A federal judge in Chicago has allowed Rush University Medical Center to keep alive its $18 million lawsuit against a vendor it has accused of installing a patient monitoring system that didn’t work.
In an opinion issued Nov. 16, U.S. District Judge Samuel Der-Yeghiayan refused to dismiss the complaint against Draeger Inc., that Rush filed this summer, accusing the Telford, Pa.-based company of breach of contract, unjust enrichment and fraud over its Infinity Acute Monitoring Solution. That system was intended to monitor the breathing, vital signs and other physical conditions of patients in Rush’s 664-bed hospital and academic medical center in Chicago.
Rush said it spent four years installing the $18 million system and then had to buy a new system for $30 million after Draeger couldn’t resolve issues with Infinity to the hospital’s satisfaction. Rush said problems with Draeger's system endangered patients and forced Rush employees to “waste thousands of hours of time” trying to fix the problems. In its lawsuit, the hospital said Draeger incorrectly blamed Rush for the problems and noted a software upgrade was “extraordinarily time-consuming and disruptive,” but didn’t fix the original issues while also allegedly introducing new problems, such as sporadically erasing patient information.
Draeger — primarily arguing the complaints weere time-barred — moved to dismiss the entire complaint, which included claims of breach of contract, unjust enrichment, fraudulent inducement and one county under an Illinois fraud and deceptive business practices law.

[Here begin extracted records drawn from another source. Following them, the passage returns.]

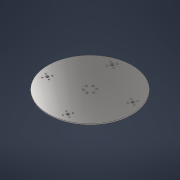
# Autodesk Inventor part: support disk-2
Saved by Autodesk Inventor 2021 (Build 250183000, 183)
## iProperties
Created: 2021-02-20
Part Number: support disk-2
Material: Steel, Mild
Document SubType Name: Modeling
Designer: vikki
Density: 7.85 g/cm^3
Appearance: Semi-Polished
Author: vikki
Autodesk Inventor part; units mm, degrees
ref_plane "YZ Plane" through (0, 0, 0) normal (1, 0, 0) x (0, 1, 0)
ref_plane "XZ Plane" through (0, 0, 0) normal (0, 1, 0) x (-1, 0, 0)
ref_plane "XY Plane" through (0, 0, 0) normal (0, 0, 1) x (1, 0, 0)
sketch "Sketch1" plane through (0, 0, 0) normal (0, 1, 0) x (-1, 0, 0)
  circle A0 centre (0, 0) radius 136
  dimension "d0" = 272
  constraints: 1 centre point, 1 coincident
  measures "d0" diameter of A0
extrude "Extrusion1" add sketch "Sketch1" along normal blind 3
sketch "Sketch2" plane through (0, 3, 0) normal (0, 1, 0) x (1, 0, 0)
  circle A0 centre (-110.2956, -43.8634) radius 1.85 projected
  circle A1 centre (-115.3836, -27.8523) radius 1.85 projected
  circle A2 centre (-94.2846, -38.7754) radius 1.85 projected
  circle A3 centre (-99.3725, -22.7644) radius 1.85 projected
  circle A4 centre (-43.8634, 110.2956) radius 1.85 projected
  circle A5 centre (-27.8523, 115.3836) radius 1.85 projected
  circle A6 centre (-38.7754, 94.2846) radius 1.85 projected
  circle A7 centre (-22.7644, 99.3725) radius 1.85 projected
  circle A8 centre (110.2956, 43.8634) radius 1.85 projected
  circle A9 centre (115.3836, 27.8523) radius 1.85 projected
  circle A10 centre (94.2846, 38.7754) radius 1.85 projected
  circle A11 centre (99.3725, 22.7644) radius 1.85 projected
  circle A12 centre (43.8634, -110.2956) radius 1.85 projected
  circle A13 centre (27.8523, -115.3836) radius 1.85 projected
  circle A14 centre (38.7754, -94.2846) radius 1.85 projected
  circle A15 centre (22.7644, -99.3725) radius 1.85 projected
  circle A16 centre (104.8341, 33.3139) radius 4 projected
  circle A17 centre (-104.8341, -33.3139) radius 4 projected
  circle A18 centre (-33.3139, 104.8341) radius 4 projected
  circle A19 centre (33.3139, -104.8341) radius 4 projected
  circle A20 centre (0, 0) radius 135 projected
  circle A21 centre (-14.6517, 3.2136) radius 2.5 projected
  circle A22 centre (-4.5428, 14.2956) radius 2.5 projected
  circle A23 centre (10.1089, 11.082) radius 2.5 projected
  circle A24 centre (14.6517, -3.2136) radius 2.5 projected
  circle A25 centre (4.5428, -14.2956) radius 2.5 projected
  circle A26 centre (-10.1089, -11.082) radius 2.5 projected
  point P0 (0, 0)
extrude "Extrusion2" cut sketch "Sketch2" against normal up to surface (3 mm away) contours A0 | A1 | A2 | A3 | A4 | A5 | A6 | A7 | A8 | A9 | A10 | A11 | A12 | A13 | A14 | A15 | A16 | A17 | A18 | A19 | A21 | A22 | A23 | A24 | A25 | A26
body "Solid1"

Draeger said the four-year statute of limitations for the breach of contract claim should be considered to have started in January 2012 when the Infinity system went live. Even if the company’s 90-day warranty period could be considered to have delayed the start of the limitations period, the window would still be closed, Draeger argued.
Rush, however, said goods were delivered between 2012 and 2016, extending that window, and Der-Yeghiayan primarily sided with the hospital on that question. The judge said determining if the breach claim is timely relies on evidence outside what Rush pleaded in its initial complaint.
The limitations window for unjust enrichment and fraud claims in Illinois is five years. Again Draeger noted Rush alleged problems with the system as far back as January 2012, and again the judge said the allegations alone don’t establish Rush knew enough at the time to formulate the relevant claims.
“The mere fact that Rush encountered some problems with the Draeger System does not necessarily mean that Rush was aware of being injured for the purposes of the statute of limitations issue,” Der-Yeghiayan wrote. “Based on the facts in this case, the precise determination of when Rush knew or should have known that it had been injured involves an assessment of evidence beyond the pleadings. Thus, the statute of limitations arguments as to the unjust enrichment and fraud claims are premature.”
The ICFA claim has a statutory limitation of three years, and Der-Yeghiayan again said Draeger’s argument is premature. But Draeger also said Rush failed to allege sufficient facts to state a valid claim.
That argument suffered with respect to breach of contract, Der-Yeghiayan explained, because Draeger relied on Illinois law to argue for dismissal. Rush needed to only meet the lower standards for federal pleading, and Rush explained how it met its part of the contractual obligations, the judge reasoned.
With respect to unjust enrichment, Draeger said that claim can’t apply under state law because there is a written contract. But Rush said it can pursue unjust enrichment if the written contracts are found to be invalid, which the court hasn’t yet assessed.
Draeger said the integration clause in the hospital’s purchase agreement bars the fraud claim.
However, Der-Yeghiayan explained that clause only means no other agreements existed that would supersede the contract. Rush could still be allowed to use statements Draeger made while implementing and supporting Infinity in future litigation.
The same finding also hampered Draeger’s efforts to have the ICFA claim dismissed. In attacking the ICFA argument, Draeger asserted Rush is not a consumer entitled to such protections.
But in cases like this, Der-Yeghiayan explained businesses can be consumers when they purchase services, and are only barred from pursuing such claims if the complaint concerns conduct between business competitors.
Representing Rush in the matter is Goldstein & McClintock LLLP, of Chicago.
Draeger is represented by the firm of Nixon Peabody LLP, of Chicago.